ResolvedDomains - Log Analytics Custom Log

This is the custom log where RDAP Query Engine writes its results to. In my current implementation the tables consists of the domain name (domainName_s) and domain registration date (registrationDate_t). There is a LOT more information available in an RDAP record, however for this particular case I merely wanted to know when a domain was registered so that if a user were to travel to a domain that was registered within the last 30 days I could raise an alert. This is a configurable value.
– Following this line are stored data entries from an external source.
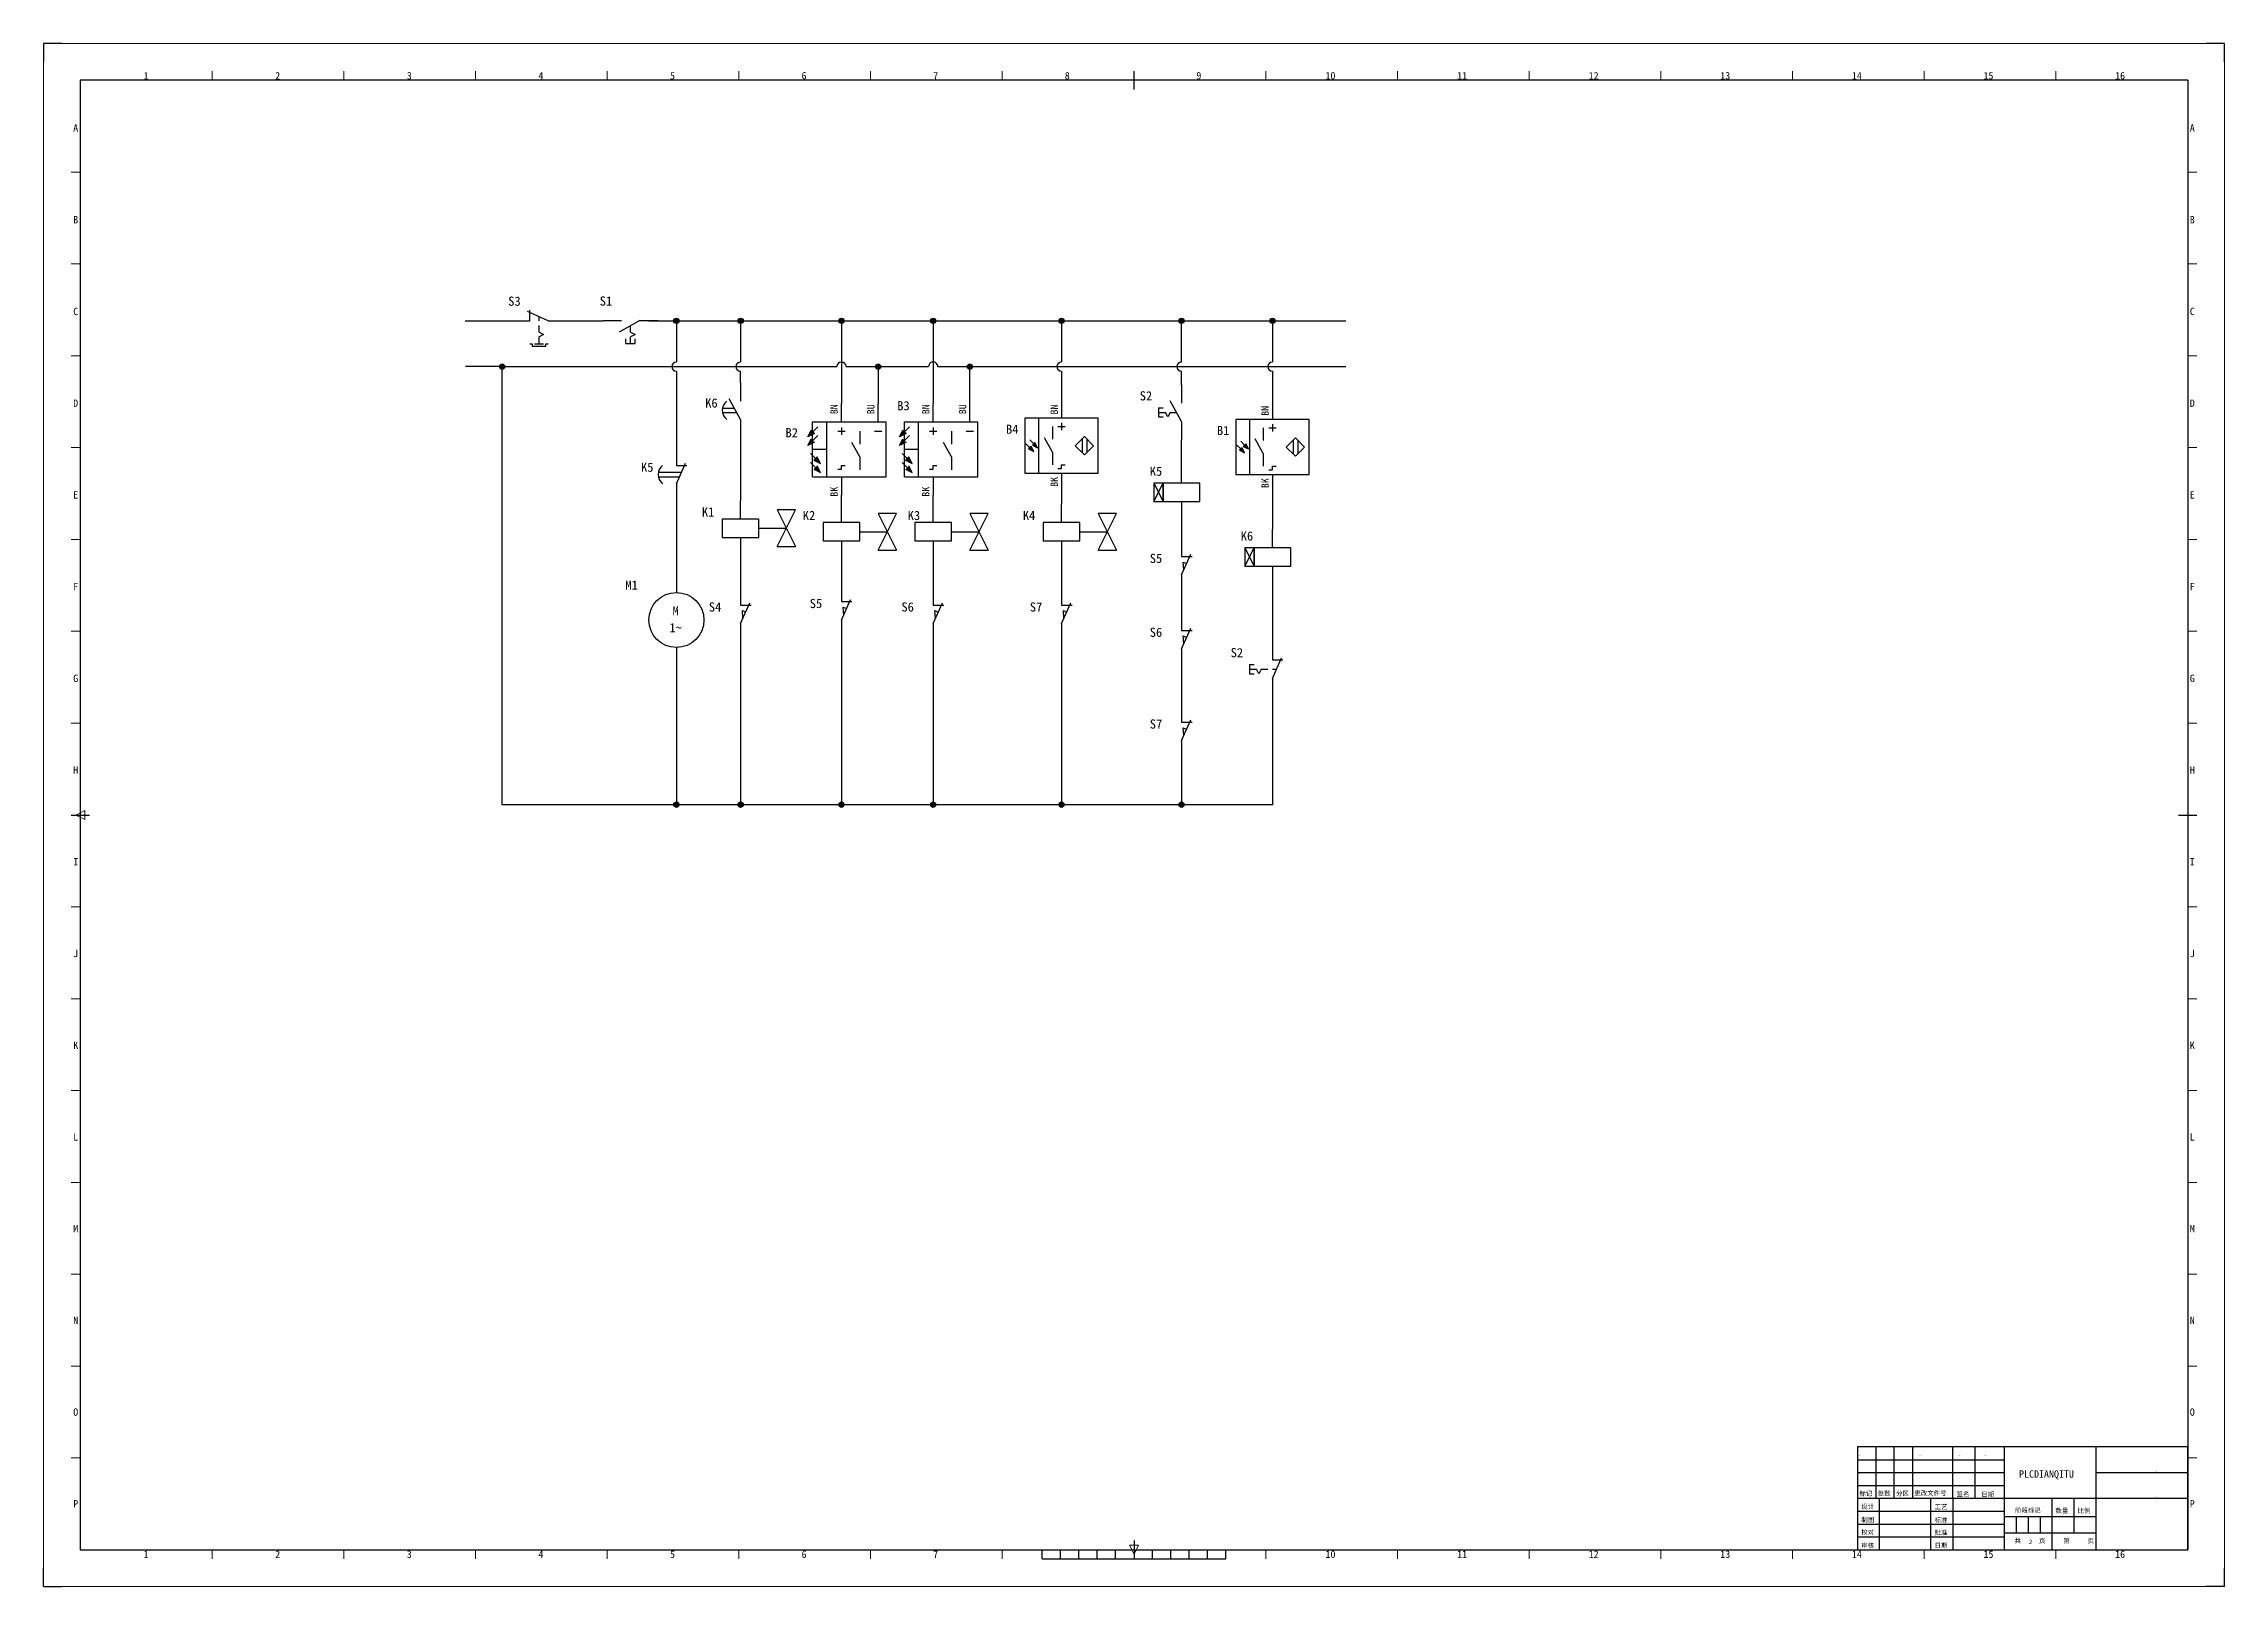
# Model space of a CAD drawing. Header units: millimetres. Extents: x 0 to 1189, y 0 to 841.
import ezdxf
from ezdxf.enums import TextEntityAlignment as Align

# ---------------------------------------------------------------- set-up
doc = ezdxf.new("R2010")
doc.units = ezdxf.units.MM
doc.header["$LTSCALE"] = 12
doc.linetypes.add('ACAD_ISO02W100', pattern=[15, 12, -3])
for name, color, linetype in [('AE_BOR', 7, 'Continuous'), ('iReport-E Fields', 4, 'Continuous'), ('MISC', 2, 'Continuous'), ('RED_2.5mm^2', 1, 'Continuous'), ('SYMS', 7, 'Continuous'), ('TAGS', 7, 'Continuous'), ('TERMS', 7, 'Continuous'), ('图框_外框线', 7, 'Continuous'), ('图框_标题栏属性', 1, 'Continuous'), ('图框_标题栏文字', 6, 'Continuous')]:
    doc.layers.add(name, color=color, linetype=linetype)
doc.styles.add('ACISOTS', font='simhei.ttf')
doc.styles.get("Standard").update_dxf_attribs({"font": 'simhei.ttf'})
doc.styles.add('WD', font='simhei.ttf')
doc.styles.add('WD_IEC', font='simhei.ttf')
doc.styles.add('工程字', font='simhei.ttf')

# ---------------------------------------------------------------- blocks, each defined once
blk = doc.blocks.new('gb_a0')
at = {"color": 7}
for p, q in [((1169, 821), (20, 821)), ((20, 821), (20, 20)), ((1169, 821), (1169, 20)), ((20, 20), (1169, 20))]:
    blk.add_line(p, q, dxfattribs=at)
at = {"layer": 'AE_BOR', "color": 1, "lineweight": 30}
for p, q in [((10, 841), (0, 841)), ((0, 841), (0, 831)), ((1189, 841), (1179, 841)), ((1189, 831), (1189, 841)), ((0, 0), (0, 10)), ((0, 0), (10, 0)), ((1189, 0), (1179, 0)), ((1189, 0), (1189, 10))]:
    blk.add_line(p, q, dxfattribs=at)
at = {"layer": 'AE_BOR', "color": 1, "lineweight": 15}
for p, q in [((0, 841), (1189, 841)), ((0, 0), (0, 841)), ((1189, 841), (1189, 0)), ((91.8125, 821), (91.8125, 826)), ((163.625, 821), (163.625, 826)), ((235.4375, 821), (235.4375, 826)), ((307.25, 821), (307.25, 826)), ((379.0625, 821), (379.0625, 826)), ((450.875, 821), (450.875, 826)), ((522.6875, 821), (522.6875, 826)), ((666.3125, 821), (666.3125, 826)), ((738.125, 821), (738.125, 826)), ((809.9375, 821), (809.9375, 826)), ((881.75, 821), (881.75, 826)), ((953.5625, 821), (953.5625, 826)), ((1025.375, 821), (1025.375, 826)), ((1097.1875, 821), (1097.1875, 826)), ((15, 770.9375), (20, 770.9375)), ((1174, 770.9375), (1169, 770.9375)), ((15, 720.875), (20, 720.875)), ((1174, 720.875), (1169, 720.875)), ((15, 670.8125), (20, 670.8125)), ((1174, 670.8125), (1169, 670.8125)), ((15, 620.75), (20, 620.75)), ((1174, 620.75), (1169, 620.75)), ((15, 570.6875), (20, 570.6875)), ((1174, 570.6875), (1169, 570.6875)), ((15, 520.625), (20, 520.625)), ((1174, 520.625), (1169, 520.625)), ((15, 470.5625), (20, 470.5625)), ((1174, 470.5625), (1169, 470.5625)), ((17.5, 420.5), (22.5, 423)), ((22.5, 418), (17.5, 420.5)), ((22.5, 423), (22.5, 418)), ((15, 370.4375), (20, 370.4375)), ((1174, 370.4375), (1169, 370.4375)), ((15, 320.375), (20, 320.375)), ((1174, 320.375), (1169, 320.375)), ((15, 270.3125), (20, 270.3125)), ((1174, 270.3125), (1169, 270.3125)), ((15, 220.25), (20, 220.25)), ((1174, 220.25), (1169, 220.25)), ((15, 170.1875), (20, 170.1875)), ((1174, 170.1875), (1169, 170.1875)), ((15, 120.125), (20, 120.125)), ((1174, 120.125), (1169, 120.125)), ((15, 70.0625), (20, 70.0625)), ((1174, 70.0625), (1169, 70.0625)), ((91.8125, 20), (91.8125, 15)), ((163.625, 20), (163.625, 15)), ((235.4375, 20), (235.4375, 15)), ((307.25, 20), (307.25, 15)), ((379.0625, 20), (379.0625, 15)), ((450.875, 20), (450.875, 15)), ((522.6875, 20), (522.6875, 15)), ((594.5, 17.5), (592, 22.5)), ((592, 22.5), (597, 22.5)), ((597, 22.5), (594.5, 17.5)), ((666.3125, 20), (666.3125, 15)), ((738.125, 20), (738.125, 15)), ((809.9375, 20), (809.9375, 15)), ((881.75, 20), (881.75, 15)), ((953.5625, 20), (953.5625, 15)), ((1025.375, 20), (1025.375, 15)), ((1097.1875, 20), (1097.1875, 15)), ((1189, 0), (0, 0))]:
    blk.add_line(p, q, dxfattribs=at)
at = {"layer": 'AE_BOR', "color": 2, "lineweight": 30}
for p, q in [((594.5, 816), (594.5, 826)), ((15, 420.5), (25, 420.5)), ((1164, 420.5), (1174, 420.5)), ((594.5, 25), (594.5, 15)), ((544.5, 15), (544.5, 20)), ((544.5, 15), (644.5, 15)), ((554.5, 15), (554.5, 20)), ((564.5, 15), (564.5, 20)), ((574.5, 15), (574.5, 20)), ((584.5, 15), (584.5, 20)), ((604.5, 15), (604.5, 20)), ((614.5, 15), (614.5, 20)), ((624.5, 15), (624.5, 20)), ((634.5, 15), (634.5, 20)), ((644.5, 15), (644.5, 20))]:
    blk.add_line(p, q, dxfattribs=at)
at = {"layer": 'AE_BOR', "color": 1, "lineweight": 15, "style": 'ACISOTS'}
for s, p in [('1', (55.875, 823.5)), ('2', (127.625, 823.5)), ('3', (199.375, 823.5)), ('4', (271.125, 823.5)), ('5', (342.875, 823.5)), ('6', (414.625, 823.5)), ('7', (486.375, 823.5)), ('8', (558.125, 823.5)), ('9', (629.875, 823.5)), ('10', (701.625, 823.5)), ('11', (773.375, 823.5)), ('12', (845.125, 823.5)), ('13', (916.875, 823.5)), ('14', (988.625, 823.5)), ('15', (1060.375, 823.5)), ('16', (1132.125, 823.5)), ('A', (17.5, 795)), ('A', (1171.5, 795)), ('B', (17.5, 745)), ('B', (1171.5, 745)), ('C', (17.5, 695)), ('C', (1171.5, 695)), ('D', (17.5, 645)), ('D', (1171.5, 645)), ('E', (17.5, 595)), ('E', (1171.5, 595)), ('F', (17.5, 545)), ('F', (1171.5, 545)), ('G', (17.5, 495)), ('G', (1171.5, 495)), ('H', (17.5, 445)), ('H', (1171.5, 445)), ('I', (17.5, 395)), ('I', (1171.5, 395)), ('J', (17.5, 345)), ('J', (1171.5, 345)), ('K', (17.5, 295)), ('K', (1171.5, 295)), ('L', (17.5, 245)), ('L', (1171.5, 245)), ('M', (17.5, 195)), ('M', (1171.5, 195)), ('N', (17.5, 145)), ('N', (1171.5, 145)), ('O', (17.5, 95)), ('O', (1171.5, 95)), ('P', (17.5, 45)), ('P', (1171.5, 45)), ('1', (55.875, 17.5)), ('2', (127.625, 17.5)), ('3', (199.375, 17.5)), ('4', (271.125, 17.5)), ('5', (342.875, 17.5)), ('6', (414.625, 17.5)), ('7', (486.375, 17.5)), ('10', (701.625, 17.5)), ('11', (773.375, 17.5)), ('12', (845.125, 17.5)), ('13', (916.875, 17.5)), ('14', (988.625, 17.5)), ('15', (1060.375, 17.5)), ('16', (1132.125, 17.5))]:
    blk.add_text(s, height=4, dxfattribs=at).set_placement(p, align=Align.MIDDLE)
blk = doc.blocks.new('GB_TitleBlock')
at = {"lineweight": -3}
for p, q in [((-50, 42), (0, 42)), ((-50, 28), (0, 28))]:
    blk.add_line(p, q, dxfattribs=at)
blk.add_point((-17, 42), dxfattribs=at)
at = {"layer": '图框_外框线'}
for p, q in [((-180, 49), (-100, 49)), ((-170, 56), (-170, 28)), ((-160, 28), (-160, 56)), ((-150, 56), (-150, 28)), ((-128, 28), (-128, 56)), ((-116, 56), (-116, 28)), ((-100, 56), (-100, 0)), ((-50, 56), (-50, 0)), ((-180, 42), (-100, 42)), ((-180, 35), (-100, 35)), ((-180, 28), (-50, 28)), ((-168, 0), (-168, 28)), ((-140, 0), (-140, 28)), ((-128, 28), (-128, 0)), ((-74, 28), (-74, 0)), ((-62, 28), (-62, 9)), ((-180, 21), (-100, 21)), ((-180, 14), (-100, 14)), ((-50, 18), (-100, 18)), ((-93.5, 18), (-93.5, 9)), ((-87, 18), (-87, 9)), ((-80.5, 18), (-80.5, 9)), ((-180, 7), (-100, 7)), ((-50, 9), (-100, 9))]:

Newly Registered Domain Detected - Azure Sentinel Analytic Rule

This rule is based on the information contained in the ResolvedDomains_CL log table. It runs once an hour and looks for any new records in the ResolvedDomains_CL table that have a registration date within the last 30 days

ResolvedDomains_CL
| where TimeGenerated >= ago(1h)
| where registrationDate_t >= ago(30d)

If so, it then raises an alert in Azure Sentinel for an analyst to investigate

The Azure Function

Now that we understand where the source data is coming from, time to look at the Azure Function itself. The basic Azure Function triggered every 30 minutes and the first thing it does is call into LogAnalytics and runs the GetDomainsForRDAP Function. For each domain that is returned, it extracts the Top Level Domain (TLD) and calls the RDAP BootStrap server to find the server that handles that particular TLD. For example, if the domain we're looking up is crazyfunnyhats.com the function extracts the TLD as "com", calls the bootstrap server (https://data.iana.org/rdap/dns.json) and discovers that the COM TLD is serviced by "https://rdap.verisign.com/com/v1/". It then calls that service endpoint with the properly constructed URI ("https://rdap.verisign.com/com/v1/domain/crazyfunnyhats.com") parses the results and then calls the Log Analytics API to insert the registration data into the ResolvedDomains_CL table.

Workflow Diagram

Gotchas / Issues / Bugs


The following are some issues I’ve run into on this project. I am still working on more elegant solutions for them, but for now the workarounds (if available) seem to work.

GetDomainsForRDAP returns IP addresses (both IPv4 and IPv6) and they don't resolve

This is an artifact of the way that DeviceNetworkEvents returns data. If the target was an IP address then DeviceNetworkEvents returns that information. Since RDAP Query Engine doesn't process IP addresses at this time there are some remnants left in the GetDomainsForRDAP query. These are ignored / error out in the subsequent RDAP query so they don't cause any issues. Future plans are to clean up the GetDomainsForRDAP function to ignore these scenarios completely.